Despite their longer training times, nonlinear models are expected to perform better for our data set. As we noticed in

Figure 11,

Figure 12,

Figure 13,

Figure 14,

Figure 15,

Figure 16 and

Figure 17, input features and output force are not linearly related. To start, polynomial regression introduces nonlinearity by imposing powers of each feature as new features. It then trains a linear model on this extended set of features.

Alternatively, ensemble learning methods use a group of predictors, voting amongst them for the best performance; and hence are often called voting regression. The accuracy of voting regression depends on how powerful each predictor is in the group and their independence. Finally, boosting refers to any ensemble method that combines several weak learners into a strong learner. The general idea of most boosting methods is to train predictors sequentially, each trying to correct its predecessor, often resulting in the best performance, compared to individual models. Due to the limitation of training data, voting among multiple regressors yielded higher accuracy (less MSE) compared to individual models, as shown in

Table 5. If more training data is available, optimizing a single model to outperform ensemble models would be feasible.

Per our machine learning experiments, we could conclude the clear success of a neural network model applied to AWE for predicting tether force, even without hyper-parameter tuning. The main model drawback is that it takes a longer training time than other algorithms, despite its overall accuracy performance.

A major advantage for our ML model is cost.
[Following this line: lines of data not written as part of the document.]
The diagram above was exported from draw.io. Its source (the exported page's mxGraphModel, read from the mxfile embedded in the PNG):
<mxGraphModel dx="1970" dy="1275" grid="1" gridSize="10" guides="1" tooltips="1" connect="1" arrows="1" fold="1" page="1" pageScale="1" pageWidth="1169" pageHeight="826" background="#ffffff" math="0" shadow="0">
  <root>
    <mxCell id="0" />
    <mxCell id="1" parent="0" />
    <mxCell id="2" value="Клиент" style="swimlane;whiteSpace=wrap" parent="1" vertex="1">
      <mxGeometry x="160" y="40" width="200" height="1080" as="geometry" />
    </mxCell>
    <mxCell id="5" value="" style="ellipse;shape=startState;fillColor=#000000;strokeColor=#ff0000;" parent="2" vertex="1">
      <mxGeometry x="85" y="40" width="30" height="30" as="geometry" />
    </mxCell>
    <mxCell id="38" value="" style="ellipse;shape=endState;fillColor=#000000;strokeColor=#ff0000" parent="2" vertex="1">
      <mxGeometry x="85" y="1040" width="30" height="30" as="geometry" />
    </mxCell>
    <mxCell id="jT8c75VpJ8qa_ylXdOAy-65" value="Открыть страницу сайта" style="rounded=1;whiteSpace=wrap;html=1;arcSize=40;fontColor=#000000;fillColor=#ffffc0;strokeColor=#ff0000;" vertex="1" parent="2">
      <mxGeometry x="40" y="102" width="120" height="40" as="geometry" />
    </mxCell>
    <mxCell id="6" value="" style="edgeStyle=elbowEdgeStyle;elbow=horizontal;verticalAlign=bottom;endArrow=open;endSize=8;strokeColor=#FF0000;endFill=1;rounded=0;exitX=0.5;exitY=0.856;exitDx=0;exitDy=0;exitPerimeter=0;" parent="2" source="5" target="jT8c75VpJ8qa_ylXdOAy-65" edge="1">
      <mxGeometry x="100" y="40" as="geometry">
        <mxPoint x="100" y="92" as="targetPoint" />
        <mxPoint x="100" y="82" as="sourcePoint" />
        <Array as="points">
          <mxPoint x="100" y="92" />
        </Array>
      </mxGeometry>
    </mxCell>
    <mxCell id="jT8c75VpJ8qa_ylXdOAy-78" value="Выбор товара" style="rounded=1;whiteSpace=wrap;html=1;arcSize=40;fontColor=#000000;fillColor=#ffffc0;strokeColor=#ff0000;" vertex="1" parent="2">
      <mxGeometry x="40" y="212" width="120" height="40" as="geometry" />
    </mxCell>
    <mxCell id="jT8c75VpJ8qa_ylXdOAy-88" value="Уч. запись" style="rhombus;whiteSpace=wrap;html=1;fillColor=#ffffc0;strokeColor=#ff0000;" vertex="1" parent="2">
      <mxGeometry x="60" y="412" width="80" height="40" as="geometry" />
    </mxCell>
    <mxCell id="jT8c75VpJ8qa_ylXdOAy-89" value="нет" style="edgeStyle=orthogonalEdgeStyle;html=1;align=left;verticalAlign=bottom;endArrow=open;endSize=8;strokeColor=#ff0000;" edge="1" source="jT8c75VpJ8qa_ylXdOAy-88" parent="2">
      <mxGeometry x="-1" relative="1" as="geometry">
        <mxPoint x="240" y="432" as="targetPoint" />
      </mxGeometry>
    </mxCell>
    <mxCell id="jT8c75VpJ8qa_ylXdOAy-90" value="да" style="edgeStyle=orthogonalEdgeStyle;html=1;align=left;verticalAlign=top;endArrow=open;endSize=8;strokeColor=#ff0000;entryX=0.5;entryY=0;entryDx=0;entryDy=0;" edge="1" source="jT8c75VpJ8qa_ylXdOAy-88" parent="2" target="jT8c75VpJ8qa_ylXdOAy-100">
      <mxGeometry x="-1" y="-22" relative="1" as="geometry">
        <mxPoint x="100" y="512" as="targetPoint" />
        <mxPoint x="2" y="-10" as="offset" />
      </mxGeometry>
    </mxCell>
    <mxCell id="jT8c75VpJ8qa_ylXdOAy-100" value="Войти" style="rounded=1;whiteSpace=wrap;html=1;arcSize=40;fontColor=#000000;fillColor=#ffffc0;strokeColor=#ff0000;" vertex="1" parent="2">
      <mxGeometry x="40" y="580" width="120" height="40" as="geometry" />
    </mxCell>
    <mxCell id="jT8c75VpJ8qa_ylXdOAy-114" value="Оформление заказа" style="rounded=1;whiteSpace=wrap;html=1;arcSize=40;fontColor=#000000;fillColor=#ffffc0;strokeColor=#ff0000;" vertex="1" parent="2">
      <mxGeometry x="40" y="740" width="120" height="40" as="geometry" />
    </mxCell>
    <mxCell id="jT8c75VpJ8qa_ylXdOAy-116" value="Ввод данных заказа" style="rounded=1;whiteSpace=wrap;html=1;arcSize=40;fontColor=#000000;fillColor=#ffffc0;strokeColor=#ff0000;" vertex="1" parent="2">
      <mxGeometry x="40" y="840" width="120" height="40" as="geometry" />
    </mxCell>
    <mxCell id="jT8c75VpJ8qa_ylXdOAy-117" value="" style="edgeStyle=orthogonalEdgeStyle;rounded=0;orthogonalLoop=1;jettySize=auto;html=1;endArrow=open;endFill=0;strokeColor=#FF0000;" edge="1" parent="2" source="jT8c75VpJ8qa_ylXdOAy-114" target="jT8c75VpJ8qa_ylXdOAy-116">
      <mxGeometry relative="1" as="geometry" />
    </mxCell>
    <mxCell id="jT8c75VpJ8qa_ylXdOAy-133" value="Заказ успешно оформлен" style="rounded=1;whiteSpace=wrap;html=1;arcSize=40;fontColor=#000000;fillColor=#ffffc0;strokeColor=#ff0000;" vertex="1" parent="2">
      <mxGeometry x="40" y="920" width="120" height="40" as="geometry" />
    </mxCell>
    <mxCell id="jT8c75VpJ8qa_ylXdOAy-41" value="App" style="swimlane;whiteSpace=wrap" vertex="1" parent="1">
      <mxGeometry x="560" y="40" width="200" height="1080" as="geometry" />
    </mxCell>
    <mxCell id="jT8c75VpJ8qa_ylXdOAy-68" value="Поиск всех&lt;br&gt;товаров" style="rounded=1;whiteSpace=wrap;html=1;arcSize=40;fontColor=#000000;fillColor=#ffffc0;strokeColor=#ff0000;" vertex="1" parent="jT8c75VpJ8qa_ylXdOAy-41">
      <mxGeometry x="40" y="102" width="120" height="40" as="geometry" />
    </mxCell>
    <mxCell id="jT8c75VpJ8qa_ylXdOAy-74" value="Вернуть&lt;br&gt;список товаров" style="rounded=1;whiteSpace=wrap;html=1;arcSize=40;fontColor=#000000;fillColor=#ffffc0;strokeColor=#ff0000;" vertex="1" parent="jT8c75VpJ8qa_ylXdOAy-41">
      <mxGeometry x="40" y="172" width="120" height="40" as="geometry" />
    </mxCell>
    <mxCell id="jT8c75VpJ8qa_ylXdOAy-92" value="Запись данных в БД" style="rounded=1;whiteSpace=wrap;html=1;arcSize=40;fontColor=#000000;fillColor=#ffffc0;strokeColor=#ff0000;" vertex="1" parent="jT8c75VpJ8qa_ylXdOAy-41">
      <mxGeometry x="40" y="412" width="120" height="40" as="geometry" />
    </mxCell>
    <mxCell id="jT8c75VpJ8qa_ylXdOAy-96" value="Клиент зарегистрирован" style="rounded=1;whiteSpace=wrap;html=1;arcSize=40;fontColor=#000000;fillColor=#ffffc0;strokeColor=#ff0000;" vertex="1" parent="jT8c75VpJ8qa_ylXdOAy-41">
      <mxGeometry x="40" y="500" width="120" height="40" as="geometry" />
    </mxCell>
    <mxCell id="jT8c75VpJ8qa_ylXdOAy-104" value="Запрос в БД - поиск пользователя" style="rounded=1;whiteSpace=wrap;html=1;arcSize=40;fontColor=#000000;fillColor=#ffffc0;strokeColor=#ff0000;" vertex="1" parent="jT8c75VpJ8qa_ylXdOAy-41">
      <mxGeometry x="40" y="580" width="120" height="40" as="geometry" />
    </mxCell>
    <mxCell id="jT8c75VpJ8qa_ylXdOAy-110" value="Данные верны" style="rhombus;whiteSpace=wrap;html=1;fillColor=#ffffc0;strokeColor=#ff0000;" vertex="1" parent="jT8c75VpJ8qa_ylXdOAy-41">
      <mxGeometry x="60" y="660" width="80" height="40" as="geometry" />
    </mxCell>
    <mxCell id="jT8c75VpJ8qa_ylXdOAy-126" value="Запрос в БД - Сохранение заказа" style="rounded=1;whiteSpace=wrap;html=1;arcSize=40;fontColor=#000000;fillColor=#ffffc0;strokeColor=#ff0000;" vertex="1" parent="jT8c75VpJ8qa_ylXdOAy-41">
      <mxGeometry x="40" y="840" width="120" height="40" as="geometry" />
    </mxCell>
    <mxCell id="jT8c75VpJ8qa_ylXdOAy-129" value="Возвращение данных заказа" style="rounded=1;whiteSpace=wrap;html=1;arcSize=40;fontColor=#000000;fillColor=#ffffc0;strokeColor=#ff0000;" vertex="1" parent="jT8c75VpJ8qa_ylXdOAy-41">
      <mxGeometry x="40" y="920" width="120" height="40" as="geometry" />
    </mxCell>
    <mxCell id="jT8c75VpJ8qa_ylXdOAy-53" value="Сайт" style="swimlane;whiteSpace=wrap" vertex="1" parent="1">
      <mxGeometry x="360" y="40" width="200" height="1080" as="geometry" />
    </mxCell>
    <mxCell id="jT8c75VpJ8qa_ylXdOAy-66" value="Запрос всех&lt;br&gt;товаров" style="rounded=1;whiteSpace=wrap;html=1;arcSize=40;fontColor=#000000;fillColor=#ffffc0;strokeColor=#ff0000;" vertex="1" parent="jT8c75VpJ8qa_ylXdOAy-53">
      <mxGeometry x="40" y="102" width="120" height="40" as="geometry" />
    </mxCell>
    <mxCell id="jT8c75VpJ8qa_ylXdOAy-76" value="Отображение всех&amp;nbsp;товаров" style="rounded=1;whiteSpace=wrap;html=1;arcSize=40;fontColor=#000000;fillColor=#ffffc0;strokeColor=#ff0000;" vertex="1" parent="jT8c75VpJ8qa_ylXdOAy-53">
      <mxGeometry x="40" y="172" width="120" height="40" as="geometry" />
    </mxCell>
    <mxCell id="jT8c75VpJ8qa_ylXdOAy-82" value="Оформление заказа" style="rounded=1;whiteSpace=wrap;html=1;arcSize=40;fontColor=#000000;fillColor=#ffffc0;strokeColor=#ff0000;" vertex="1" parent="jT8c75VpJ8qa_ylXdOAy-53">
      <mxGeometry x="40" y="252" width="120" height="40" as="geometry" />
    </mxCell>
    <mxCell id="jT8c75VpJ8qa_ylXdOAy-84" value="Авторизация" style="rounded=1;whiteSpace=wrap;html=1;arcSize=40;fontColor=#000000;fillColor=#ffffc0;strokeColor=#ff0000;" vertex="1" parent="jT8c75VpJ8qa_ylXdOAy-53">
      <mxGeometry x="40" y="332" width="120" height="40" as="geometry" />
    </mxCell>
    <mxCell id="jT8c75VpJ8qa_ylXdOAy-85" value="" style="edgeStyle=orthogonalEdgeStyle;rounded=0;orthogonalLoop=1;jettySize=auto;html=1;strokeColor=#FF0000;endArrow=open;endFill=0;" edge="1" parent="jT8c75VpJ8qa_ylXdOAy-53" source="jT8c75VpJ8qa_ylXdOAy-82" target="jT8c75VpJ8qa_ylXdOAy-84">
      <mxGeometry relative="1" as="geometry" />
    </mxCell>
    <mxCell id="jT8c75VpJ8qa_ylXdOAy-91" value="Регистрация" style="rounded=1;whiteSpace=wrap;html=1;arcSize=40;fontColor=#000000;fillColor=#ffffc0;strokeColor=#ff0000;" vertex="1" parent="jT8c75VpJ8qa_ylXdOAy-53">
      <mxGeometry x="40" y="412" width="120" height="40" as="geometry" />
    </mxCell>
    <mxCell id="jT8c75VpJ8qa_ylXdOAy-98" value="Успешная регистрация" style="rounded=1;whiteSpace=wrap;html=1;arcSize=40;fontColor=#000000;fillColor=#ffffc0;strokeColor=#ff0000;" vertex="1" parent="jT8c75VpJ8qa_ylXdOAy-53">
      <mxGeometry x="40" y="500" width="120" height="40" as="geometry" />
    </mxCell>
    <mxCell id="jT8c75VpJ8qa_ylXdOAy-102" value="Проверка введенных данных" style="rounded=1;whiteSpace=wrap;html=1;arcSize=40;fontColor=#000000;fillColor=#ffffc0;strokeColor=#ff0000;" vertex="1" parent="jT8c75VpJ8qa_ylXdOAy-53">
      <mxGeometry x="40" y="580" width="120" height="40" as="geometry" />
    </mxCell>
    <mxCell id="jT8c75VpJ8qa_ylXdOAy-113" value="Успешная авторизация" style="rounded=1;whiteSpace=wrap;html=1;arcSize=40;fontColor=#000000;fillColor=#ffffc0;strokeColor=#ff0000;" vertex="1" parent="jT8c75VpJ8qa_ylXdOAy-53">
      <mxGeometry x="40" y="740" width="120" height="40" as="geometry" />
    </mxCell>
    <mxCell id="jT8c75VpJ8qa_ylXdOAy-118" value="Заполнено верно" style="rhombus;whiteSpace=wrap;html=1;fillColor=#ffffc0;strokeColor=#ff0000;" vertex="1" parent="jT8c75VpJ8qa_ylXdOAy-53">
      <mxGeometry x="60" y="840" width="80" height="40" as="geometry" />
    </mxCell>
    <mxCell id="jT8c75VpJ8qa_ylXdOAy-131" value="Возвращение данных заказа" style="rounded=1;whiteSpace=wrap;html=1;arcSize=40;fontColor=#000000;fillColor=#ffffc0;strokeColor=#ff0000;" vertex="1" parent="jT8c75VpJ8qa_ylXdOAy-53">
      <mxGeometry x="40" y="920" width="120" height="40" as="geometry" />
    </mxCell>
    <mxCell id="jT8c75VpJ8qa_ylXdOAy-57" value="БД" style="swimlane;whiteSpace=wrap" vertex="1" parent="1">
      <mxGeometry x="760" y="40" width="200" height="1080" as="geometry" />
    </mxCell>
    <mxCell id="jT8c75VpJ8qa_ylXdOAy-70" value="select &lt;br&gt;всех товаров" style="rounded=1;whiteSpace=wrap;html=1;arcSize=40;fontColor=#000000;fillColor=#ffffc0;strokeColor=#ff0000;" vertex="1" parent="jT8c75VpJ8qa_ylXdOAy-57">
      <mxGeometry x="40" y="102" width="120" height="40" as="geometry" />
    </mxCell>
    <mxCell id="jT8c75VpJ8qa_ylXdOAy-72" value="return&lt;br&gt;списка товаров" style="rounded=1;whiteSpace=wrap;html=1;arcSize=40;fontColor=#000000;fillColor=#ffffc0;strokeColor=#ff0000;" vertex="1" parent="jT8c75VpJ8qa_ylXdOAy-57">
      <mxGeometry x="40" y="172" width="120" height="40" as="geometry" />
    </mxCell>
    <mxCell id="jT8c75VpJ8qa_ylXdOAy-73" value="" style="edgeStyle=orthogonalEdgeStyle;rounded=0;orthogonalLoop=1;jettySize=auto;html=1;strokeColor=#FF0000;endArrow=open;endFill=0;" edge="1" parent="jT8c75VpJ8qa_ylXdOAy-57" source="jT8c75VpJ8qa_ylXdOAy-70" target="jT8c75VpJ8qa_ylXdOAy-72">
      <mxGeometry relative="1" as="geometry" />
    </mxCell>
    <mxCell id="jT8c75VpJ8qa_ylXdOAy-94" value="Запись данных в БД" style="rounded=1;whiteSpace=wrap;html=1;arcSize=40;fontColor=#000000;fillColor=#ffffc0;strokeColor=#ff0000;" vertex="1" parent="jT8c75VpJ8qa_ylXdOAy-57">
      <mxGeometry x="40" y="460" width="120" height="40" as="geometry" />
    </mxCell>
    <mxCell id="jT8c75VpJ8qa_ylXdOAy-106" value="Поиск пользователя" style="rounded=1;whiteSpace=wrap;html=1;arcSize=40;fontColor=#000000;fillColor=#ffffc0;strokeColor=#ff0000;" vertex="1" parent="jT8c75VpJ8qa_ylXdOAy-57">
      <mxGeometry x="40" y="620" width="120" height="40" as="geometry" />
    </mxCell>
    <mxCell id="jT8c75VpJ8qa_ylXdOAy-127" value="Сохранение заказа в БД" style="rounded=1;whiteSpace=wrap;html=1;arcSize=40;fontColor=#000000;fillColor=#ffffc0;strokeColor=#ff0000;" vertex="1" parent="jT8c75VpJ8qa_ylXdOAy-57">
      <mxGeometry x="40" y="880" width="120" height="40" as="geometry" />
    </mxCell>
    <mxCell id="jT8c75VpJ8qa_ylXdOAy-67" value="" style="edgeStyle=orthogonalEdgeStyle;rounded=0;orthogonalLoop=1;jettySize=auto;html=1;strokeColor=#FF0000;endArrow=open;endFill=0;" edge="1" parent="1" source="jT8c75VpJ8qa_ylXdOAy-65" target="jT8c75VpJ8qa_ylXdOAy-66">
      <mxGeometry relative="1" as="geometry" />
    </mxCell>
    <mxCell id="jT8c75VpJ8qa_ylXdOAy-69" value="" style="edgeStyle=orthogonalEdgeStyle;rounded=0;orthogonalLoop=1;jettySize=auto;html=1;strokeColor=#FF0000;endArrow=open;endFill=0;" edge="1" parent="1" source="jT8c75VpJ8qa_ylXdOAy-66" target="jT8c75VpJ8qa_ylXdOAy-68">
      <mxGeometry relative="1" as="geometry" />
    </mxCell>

Once a model is trained, there is no need to physically run new experiments (with the same test setup, as shown in

Figure 5), to predict the tether force. Instead, we could simply rely on our current NN model to predict the estimated tether force for new input combinations. We could use our gradient boosting model, if we care about evaluation/prediction time, rather than model accuracy. Note that the evaluation time is the time required to calculate the predicted tether force from our model (prediction formula). The neural network generates a more accurate formula, but also more complex and takes more time for evaluation.